2. **Executing the Query:** Execute the generated SQL statement on the table specified in `source`.
3. **Storing the Result:** Save the result of the query execution in the variable specified by `TargetVariable`. The result will be the dataset retrieved by the executed SQL statement.
### Example Usage
Suppose you want to retrieve all the data from the row with id equal to 5 from a table called `users`.
// Define variables prompt = "get the value of the row with id 5" source = "users" queryResult = '' // Call the command to process the query ormAI(prompt, source, queryResult) // Return the query result via addResult addResult(queryResult)
In this example, the `ormAI()` command will convert the `prompt` into an SQL query: `SELECT * FROM users WHERE id = 5;`. This query will be executed on the `users` table, and the results will be stored in the `queryResult` variable. The `queryResult` variable will be returned via `addResult(queryResult)`. The output will be the dataset retrieved by the executed SQL statement.
functionAI()
------------
The `functionAI()` command uses an artificial intelligence model to convert a natural language description of a function or process into a code implementation, which is then executed and returns the result. This command converts a description provided in `prompt` into a function that operates on the data of the table specified in `source`, and stores the result in a target variable.
### Parameters
* **prompt**
Type: `variable`
Description: A string in natural language that describes the process or function to be executed. For example, "calculate the average of the salary column".
* **source**
Type: `variable`
Description: The name of the table on which the generated function should be executed. It must be a variable containing the name of the table in the database.
* **TargetVariable**
Type: `variable`
Description: The variable in which the result of the executed function or process will be stored. It must be a variable that will receive the result of the generated and executed code.
### Command Flow
1. **Generating Code:** Use the artificial intelligence model to convert the `prompt` into a code implementation. For example, if the prompt is "calculate the average of the salary column", the AI will generate the code necessary to calculate the average of that column.
2. **Executing the Code:** Execute the generated code on the table specified in `source`.

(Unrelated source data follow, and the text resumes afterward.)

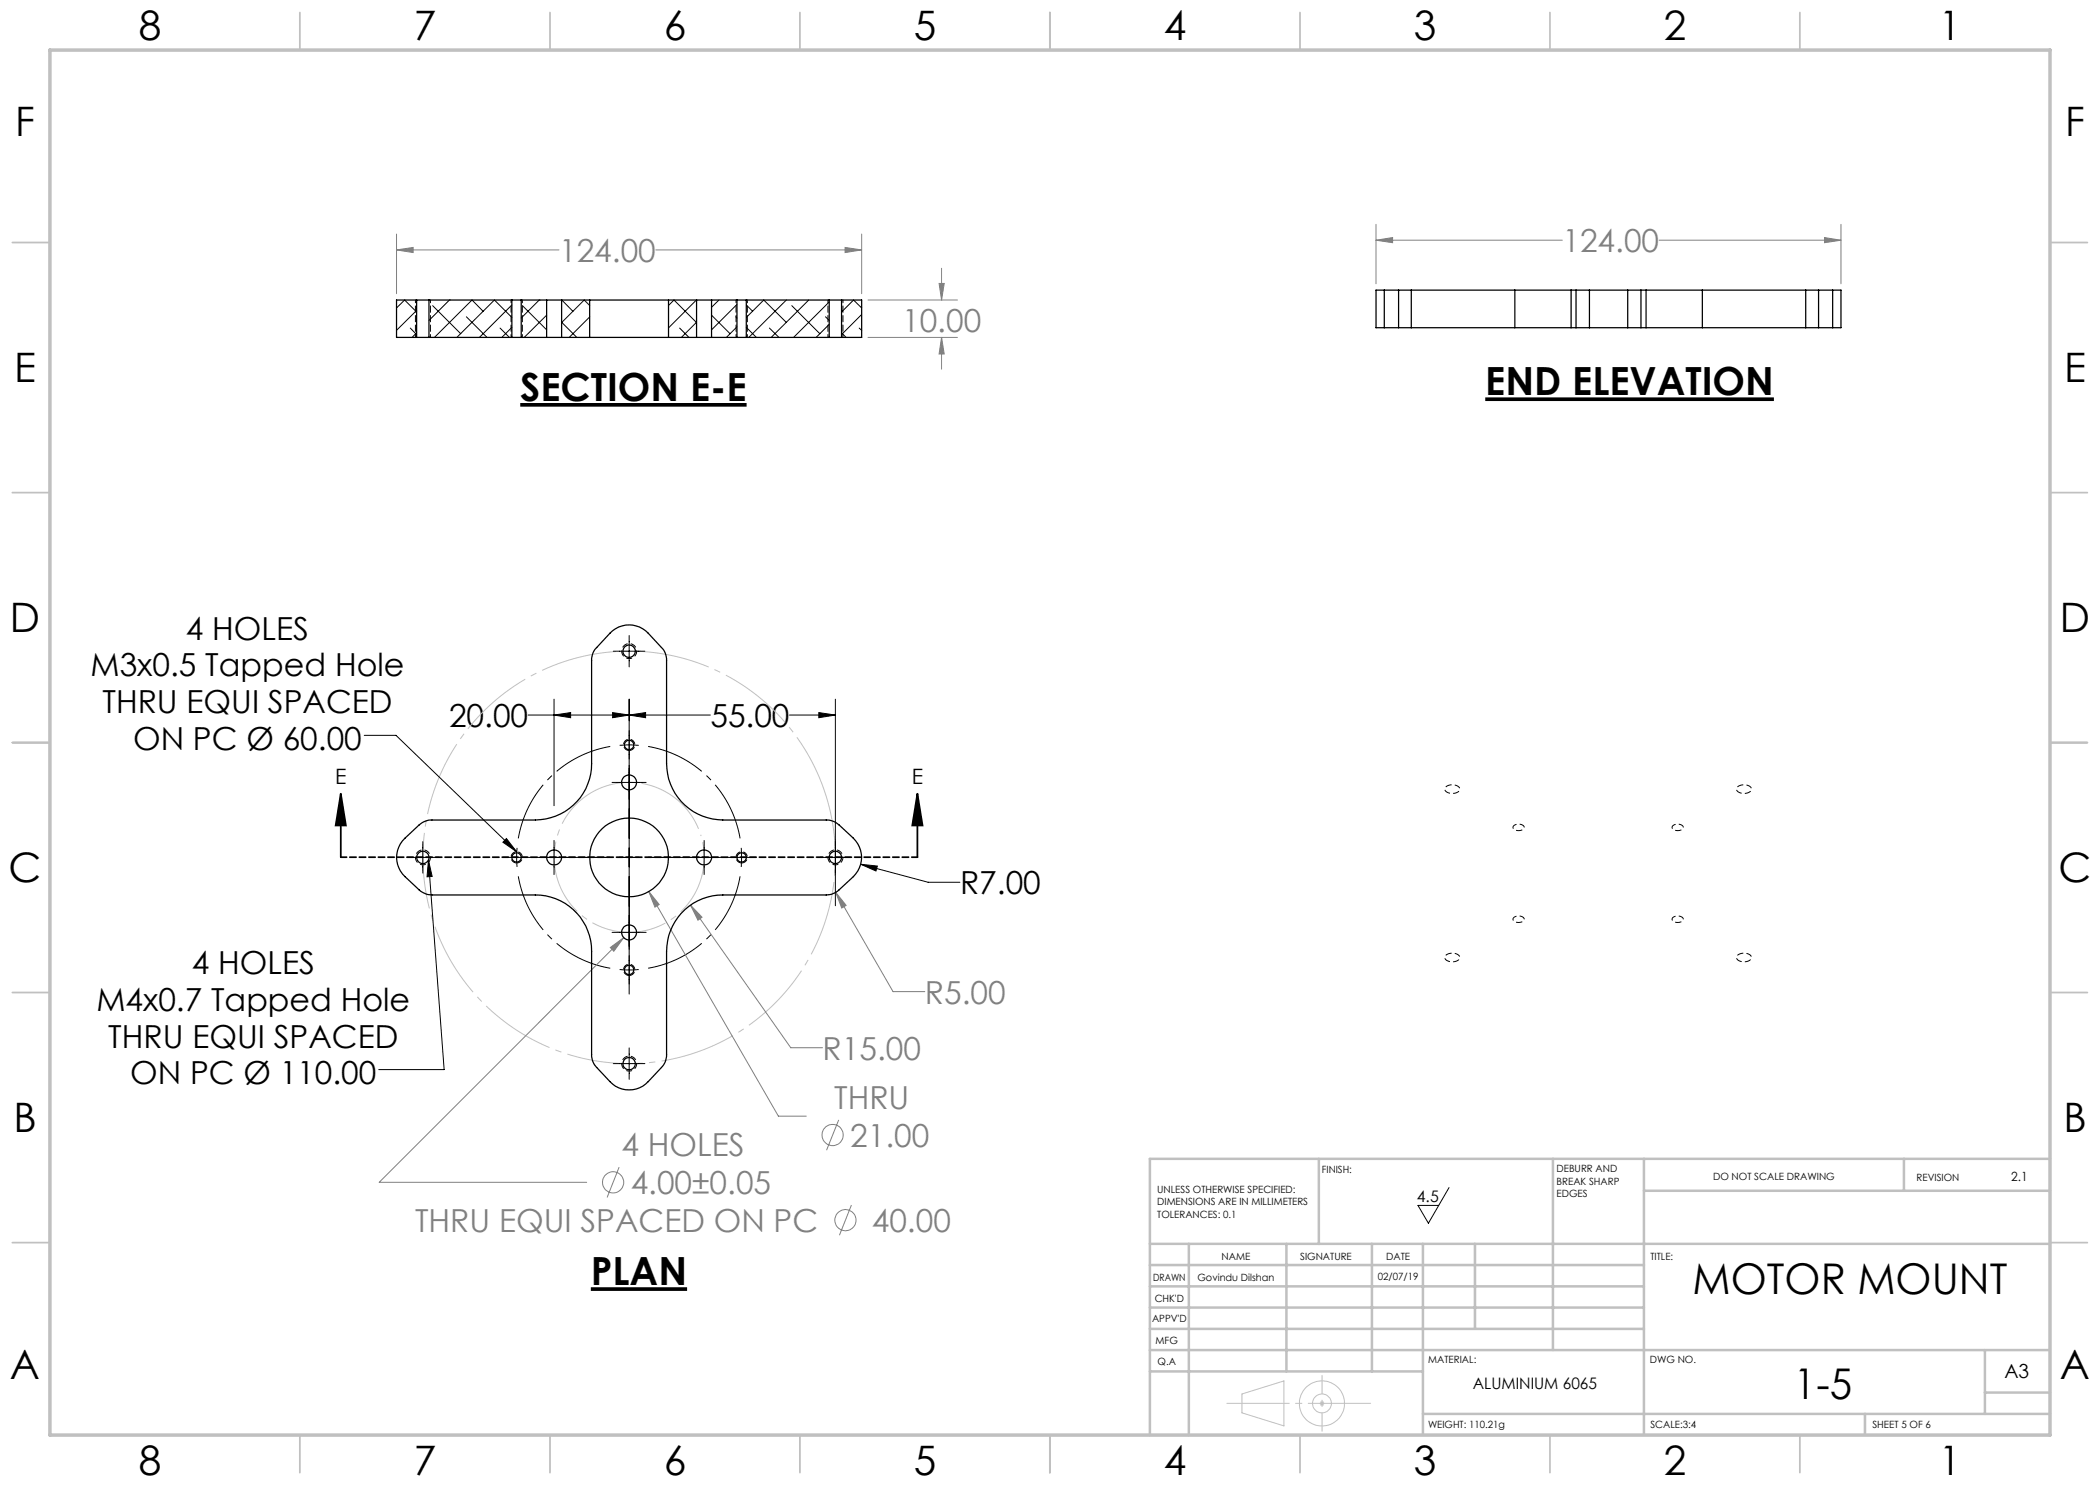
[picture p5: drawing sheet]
<svg xmlns="http://www.w3.org/2000/svg" width="420mm" height="297mm" viewBox="0 0 420 297" stroke-linecap="round" stroke-linejoin="round" font-family="sans-serif">
<g fill="none" stroke="#808080" stroke-width=".2">
<path d="M79.3 50l3.3-.5v1zM79.3 46.8v11.9M79.3 50h32.5M131.2 50h41.1M169 49.5l3.3 .5-3.3 .5zM172.3 46.8v11.9M187.8 56.7h1l-.5 3.3zM188.3 53.7v6.3M275.2 48l3.3-.5v1zM275.2 44.9v11.9M275.2 48h37.3M331.8 48h36.4"/>
<path d="M364.9 47.5l3.3 .5-3.3 .5zM368.2 44.9v11.9M173.6 67.5h17.9M173.6 60h17.9M188.3 67.5l.5 3.3h-1zM188.3 67.5v6.3M129.8 178.3l2 2.6-.8 .5zM129.8 178.3l25.9 44.9h5.6M167.1 178.5l2.1 2.6-.9 .5zM167.1 178.5l11.5 19.8h6.4M122.1 189.5l2.6-2-1.9 2.7zM124.7 187.5l-48.9 49h41.5"/>
<path d="M138.1 181l2.3 2.4-.8 .6zM138.1 181l20.1 28.5h6.3M123.8 233.4l-2.4 6.1M167.7 224l-2.4 6M170.3 241l-2.4 6"/>
<circle cx="122.6" cy="236.5" r="2.11"/>
<circle cx="166.5" cy="227" r="2.11"/>
<circle cx="169.1" cy="244" r="2.1"/>
</g>
<path d="M297.1 79.8h57.7M104 81h45.3M118.2 257.8h19.2" fill="none" stroke="#000" stroke-width=".73" stroke-linecap="butt"/>
<path d="M68.2 158.7l1 6.4h-2.1zM68.2 158.7v12.7M183.5 158.7l1 6.4h-2zM183.5 158.7v12.7" fill="none" stroke="#000" stroke-width=".35"/>
<path d="M165.3 159.4a41.2 41.2 0 0 0-69.1-16.6 41.2 41.2 0 0 0 19 68.5 41.2 41.2 0 0 0 50.7-49.8l-.6-2.1" fill="none" stroke="#c0c0c0" stroke-width=".2" stroke-dasharray="15.2 1.3 1.3 1.3" stroke-dashoffset="1.9" stroke-linecap="butt"/>
<path d="M140.2 167.1a15 15 0 0 0-25.1-6.1 15 15 0 0 0 6.7 24.9 15 15 0 0 0 18.7-17.8l-.3-1" fill="none" stroke="#c0c0c0" stroke-width=".2" stroke-dasharray="15.2 1.3 1.3 1.3" stroke-dashoffset="-1.4" stroke-linecap="butt"/>
<g fill="none" stroke="#c0c0c0" stroke-width=".2">
<path d="M248.4 278.8l8.4-2.6v9l-8.4-2.6zM263.9 280.7h1M264.1 280.3l.7 .8M264.4 280.2v1M264.8 280.3l-.7 .8"/>
<circle cx="264.4" cy="280.7" r="4.5"/>
<circle cx="264.4" cy="280.7" r="1.89"/>
</g>
<g fill="none" stroke="#000" stroke-width=".2">
<path d="M110.8 139.8v21.3M122.7 130.2h6.3M125.8 127.1v6.3M125.8 139.8v59M167.1 139.8v41.3M72.8 147.1h6.4l24.1 23.3M105.6 143h36.5M110.8 143l3.3-.5v1zM122.4 156.5h6.8M122.5 142.5l3.3 .5-3.3 .5zM123.9 149.1l1.4-.1 2.4 .1M125.8 143l3.3-.5v1z"/>
<path d="M157.9 143h9.2M163.8 142.5l3.3 .5-3.3 .5zM81.4 171.5h6.3M84.6 168.3v6.3M85.7 172l.7 3.3-1 .1zM85.7 172l3.1 41.9h-13.1M100.5 171.5h5.7M101.3 167.7l2 2.7-2.7-2zM103.4 169.6v3.8M107.4 171.5h14.6M110.8 168.1v6.8M123.9 171.5h3.8"/>
<path d="M129.6 171.5h14.6M140.8 168.1v6.8M145.5 171.5h5.7M148.2 169.6v3.8M163.9 171.5h6.3M172.2 172.9l3.3 .3-.3 1zM172.2 172.9l13.4 3.6h6.4M122.4 186.5h6.8M123.9 193.9h3.8M122.7 212.7h6.3M125.8 209.6v6.3M289.8 237.5l-4.1 7.1-2.1-3.5h4.1"/>
</g>
<path d="M125.8 131.7a1.5 1.5 0 0 1-1.3-2.2 1.5 1.5 0 0 1 2.6-.1 1.5 1.5 0 0 1-1.1 2.3h-.2M291.5 157.2a1.82 1.82 0 0 0-2.5 .6 1.74 1.74 0 0 0 2.5 .7l.1-.1a.64 .64 0 0 0 .4-.6 .64 .64 0 0 0-.5-.6M349.9 157.2a1.82 1.82 0 0 0-2.6 .6 1.74 1.74 0 0 0 2.5 .7l.1-.1a.64 .64 0 0 0 .4-.6 .64 .64 0 0 0-.4-.6M84.6 173a1.5 1.5 0 0 1-1.3-2.2 1.5 1.5 0 0 1 2.5-.2 1.5 1.5 0 0 1-1 2.4h-.2M167.1 173a1.5 1.5 0 0 1-1.3-2.2 1.5 1.5 0 0 1 2.5-.2 1.5 1.5 0 0 1-1 2.4h-.2M304.5 165a1.31 1.31 0 0 0-1.9 .5 1.32 1.32 0 0 0 2.2 0l-.3-.5M336.3 165a1.31 1.31 0 0 0-1.9 .5 1.32 1.32 0 0 0 2.3 0l-.4-.5M291.5 190.9a1.82 1.82 0 0 0-2.5 .6 1.74 1.74 0 0 0 2.5 .6h.1a.64 .64 0 0 0 .4-.6 .64 .64 0 0 0-.5-.6M304.5 183.4a1.31 1.31 0 0 0-1.9 .5 1.32 1.32 0 0 0 2.2 0l-.3-.5M336.3 183.4a1.31 1.31 0 0 0-1.9 .5 1.32 1.32 0 0 0 2.3 0l-.4-.5M349.9 190.9a1.82 1.82 0 0 0-2.6 .6 1.74 1.74 0 0 0 2.5 .6h.1a.64 .64 0 0 0 .4-.6 .64 .64 0 0 0-.4-.6M125.8 214.2a1.5 1.5 0 0 1-1.3-2.2 1.5 1.5 0 0 1 2.6-.1 1.5 1.5 0 0 1-1.1 2.3h-.2" fill="none" stroke="#000" stroke-width=".2" stroke-dasharray="1.3 .6" stroke-dashoffset=".7" stroke-linecap="butt"/>
<path d="M125.8 150.1a1.13 1.13 0 0 1-1-1.7 1.13 1.13 0 0 1 2-.1 1.13 1.13 0 0 1-.8 1.8h-.2M103.3 172.6a1.13 1.13 0 0 1-1-1.7 1.13 1.13 0 0 1 2-.1 1.13 1.13 0 0 1-.8 1.8h-.2M148.3 172.6a1.13 1.13 0 0 1-1-1.7 1.13 1.13 0 0 1 2-.1 1.13 1.13 0 0 1-.8 1.8h-.2M125.8 195.1a1.13 1.13 0 0 1-1-1.7 1.13 1.13 0 0 1 2-.1 1.13 1.13 0 0 1-.8 1.8h-.2" fill="none" stroke="#000" stroke-width=".2" stroke-dasharray="1.3 .6" stroke-linecap="butt"/>
<path d="M122 149.3a22.5 22.5 0 0 0-18.3 18.4M103.7 175.3a22.5 22.5 0 0 0 18.3 18.3M148 167.7a22.5 22.5 0 0 0-18.4-18.4M129.6 193.6a22.5 22.5 0 0 0 18.4-18.3" fill="none" stroke="#000" stroke-width=".2" stroke-dasharray="15.2 1.3 1.3 1.3" stroke-dashoffset="3.3" stroke-linecap="butt"/>
<path d="M183.5 171.4h-115.3" fill="none" stroke="#000" stroke-width=".35" stroke-dasharray="1.3 .6" stroke-dashoffset=".1"/>
<path d="M264.4 275.1v11.2" fill="none" stroke="#c0c0c0" stroke-width=".2" stroke-dasharray="15.2 1.3 1.3 1.3" stroke-dashoffset="11.6"/>
<path d="M274.1 280.7h-28.7" fill="none" stroke="#c0c0c0" stroke-width=".2" stroke-dasharray="15.2 1.3 1.3 1.3" stroke-dashoffset="2.8"/>
<g fill="none" stroke="#c0c0c0" stroke-width=".35">
<path d="M60 2.5v7.5M110 2.5v7.5M160 2.5v7.5M210 2.5v7.5M260 2.5v7.5M310 2.5v7.5M360 2.5v7.5M2.5 48.5h7.5M410 48.5h7.5M2.5 98.5h7.5M410 98.5h7.5M2.5 148.5h7.5"/>
<path d="M410 148.5h7.5M2.5 198.5h7.5M410 198.5h7.5M2.5 248.5h7.5M410 248.5h7.5M60 287v7.5M110 287v7.5M160 287v7.5M210 287v7.5M260 287v7.5M310 287v7.5M360 287v7.5"/>
</g>
<g fill="none" stroke="#c0c0c0" stroke-width=".5">
<path d="M263.8 231.8v17M310.6 231.8v38.2M328.8 231.8v55.2M328.8 238.2h81.2M380.8 231.8v6.4M410 231.8h-180v55.2M230 248.8h180M230 257.3h98.8M230 253h98.8M237.8 248.8v38.2M257.3 248.8v25.5M274.4 248.8v25.5"/>
<path d="M284.6 248.8v38.2M295 248.8v17M230 265.8h98.8M230 261.5h98.8M230 274.3h54.6M230 270h180M397 270v12.8M397 278.5h13M284.6 282.8h125.4M373 282.8v4.2"/>
</g>
<path d="M10 10h400v277h-400z" fill="none" stroke="#c0c0c0" stroke-width=".7"/>
<path d="M83.1 60v7.5M86.1 60v7.5M102.2 60v7.5M104.5 60v7.5M147.2 60v7.5M149.5 60v7.5M165.6 60v7.5M168.6 60v7.5" fill="none" stroke="#000" stroke-width=".2" stroke-dasharray="1.3 .6" stroke-dashoffset=".7"/>
<g fill="#000">
<path d="M110.8 143l3.3-.5v1zM122.5 142.5l3.3 .5-3.3 .5zM172.2 172.9l3 1.3 .3-1zM125.8 143l3.3-.5v1zM163.8 142.5l3.3 .5-3.3 .5z"/>
<path d="M183.5 158.7l1 6.4h-2zM68.2 158.7l1 6.4h-2.1z"/>
</g>
<path d="M122.1 189.5l.7 .7 1.9-2.7zM129.8 178.3l1.2 3.1 .8-.5zM138.1 181l1.5 3 .8-.6zM167.1 178.5l1.2 3.1 .9-.5zM275.2 48l3.3-.5v1zM364.9 47.5l3.3 .5-3.3 .5zM79.3 50l3.3-.5v1zM169 49.5l3.3 .5-3.3 .5zM188.3 67.5l.5 3.3h-1zM187.8 56.7h1l-.5 3.3z" fill="#808080"/>
<path d="M85.7 172l.7 3.3-1 .1zM101.3 167.7l2 2.7-2.7-2z" fill="#000"/>
<g fill="none" stroke="#000" stroke-width=".25">
<path d="M276.9 58h-1.7v7.5h1.7M276.9 58h2.8M276.9 58v7.5M279.7 58h2.6M279.7 58v7.5M282.3 58h20.7M282.3 58v7.5M303 58h11.2M303 58v7.5M314.2 58h1M314.2 58v7.5M315.2 58h2.7"/>
<path d="M315.2 58v7.5M317.9 58h7.6M317.9 58v7.5M325.5 58v7.5M325.5 58h2.7M328.2 58h1M328.2 58v7.5M329.2 58h11.3M329.2 58v7.5M340.5 58h20.6M340.5 58v7.5M361.1 58h2.6"/>
<path d="M361.1 58v7.5M363.7 58h2.8M363.7 58v7.5M366.5 58h1.7v7.5h-1.7M366.5 58v7.5M83.3 60h2.5M83.3 67.5h2.5M83.3 60h-4v7.5h4M83.3 60v7.5M85.8 60h16.6M85.8 67.5h16.6M85.8 60v7.5"/>
<path d="M102.4 60h1.8M102.4 67.5h1.8M102.4 60v7.5M104.2 60v7.5M104.2 60h5.1M104.2 67.5h5.1M109.3 60h3M109.3 67.5h3M109.3 60v7.5M112.3 60h5.6M112.3 67.5h5.6M112.3 60v7.5"/>
<path d="M117.9 60h15.8M117.9 67.5h15.8M117.9 60v7.5M133.7 60v7.5M133.7 60h5.6M133.7 67.5h5.6M139.3 60h3M139.3 67.5h3M139.3 60v7.5M142.3 60h5.1M142.3 67.5h5.1M142.3 60v7.5"/>
<path d="M147.4 60h1.9M147.4 67.5h1.9M147.4 60v7.5M149.3 60v7.5M149.3 60h16.5M149.3 67.5h16.5M165.8 60h2.5M165.8 67.5h2.5M165.8 60v7.5M168.3 60h4v7.5h-4M168.3 60v7.5M276.9 65.5h2.8"/>
<path d="M279.7 65.5h2.6M282.3 65.5h20.7M303 65.5h11.2M314.2 65.5h1M315.2 65.5h2.7M317.9 65.5h7.6M325.5 65.5h2.7M328.2 65.5h1M329.2 65.5h11.3M340.5 65.5h20.6M361.1 65.5h2.6M363.7 65.5h2.8"/>
<path d="M122 126.6a5.2 5.2 0 0 1 7.6 0l2.7 2.9a3.4 3.4 0 0 1 1 2.5v20.7a11.3 11.3 0 0 0 11.3 11.3h20.6a3.8 3.8 0 0 1 2.6 1l2.9 2.6a5.3 5.3 0 0 1 0 7.7l-2.9 2.7a4 4 0 0 1-2.6 1h-20.6a11.2 11.2 0 0 0-11.3 11.2v20.7a3.6 3.6 0 0 1-1 2.6l-2.7 2.8a5.2 5.2 0 0 1-7.6 0l-2.7-2.8a3.6 3.6 0 0 1-1-2.6v-20.7a11.2 11.2 0 0 0-11.2-11.2h-20.7a4 4 0 0 1-2.6-1l-2.8-2.7a5.2 5.2 0 0 1 0-7.7l2.8-2.6a3.8 3.8 0 0 1 2.6-1h20.7a11.3 11.3 0 0 0 11.2-11.3v-20.7a3.4 3.4 0 0 1 1-2.5z"/>
<circle cx="125.8" cy="130.2" r="1.24"/>
<circle cx="125.8" cy="156.5" r="1.5"/>
<circle cx="125.8" cy="149" r=".94"/>
<circle cx="84.6" cy="171.5" r="1.23"/>
<circle cx="103.3" cy="171.5" r=".94"/>
<circle cx="110.8" cy="171.5" r="1.49"/>
<circle cx="125.8" cy="171.5" r="7.9"/>
<circle cx="140.8" cy="171.5" r="1.49"/>
<circle cx="148.3" cy="171.5" r=".94"/>
<circle cx="167.1" cy="171.5" r="1.24"/>
<circle cx="125.8" cy="194" r=".94"/>
<circle cx="125.8" cy="186.5" r="1.49"/>
<circle cx="125.8" cy="212.7" r="1.24"/>
</g>
<g fill="none" stroke="#000" stroke-width=".2">
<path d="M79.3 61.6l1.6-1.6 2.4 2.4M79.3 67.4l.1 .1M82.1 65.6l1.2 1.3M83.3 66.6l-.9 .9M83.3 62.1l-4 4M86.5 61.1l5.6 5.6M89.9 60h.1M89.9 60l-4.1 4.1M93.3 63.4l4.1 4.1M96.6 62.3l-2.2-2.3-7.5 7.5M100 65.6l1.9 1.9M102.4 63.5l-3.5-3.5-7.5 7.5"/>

3. **Storing the Result:** Save the result of the code execution in the variable specified by `TargetVariable`. The result will be the calculated value or the dataset produced by the executed code.
### Example Usage
Suppose you want to calculate the average of the `salary` column in a table called `employees`.
// Define variables prompt = "calculate the average of the salary column" source = "employees" averageSalary = '' // Call the command to process the function functionAI(prompt, source, averageSalary) // Return the result of the function via addResult addResult(averageSalary)
In this example, the `functionAI()` command will convert the `prompt` into a code implementation to calculate the average of the `salary` column in the `employees` table. The result of the calculation will be stored in the `averageSalary` variable, and this variable will be returned via `addResult(averageSalary)`. The output will be the calculated average of the `salary` column.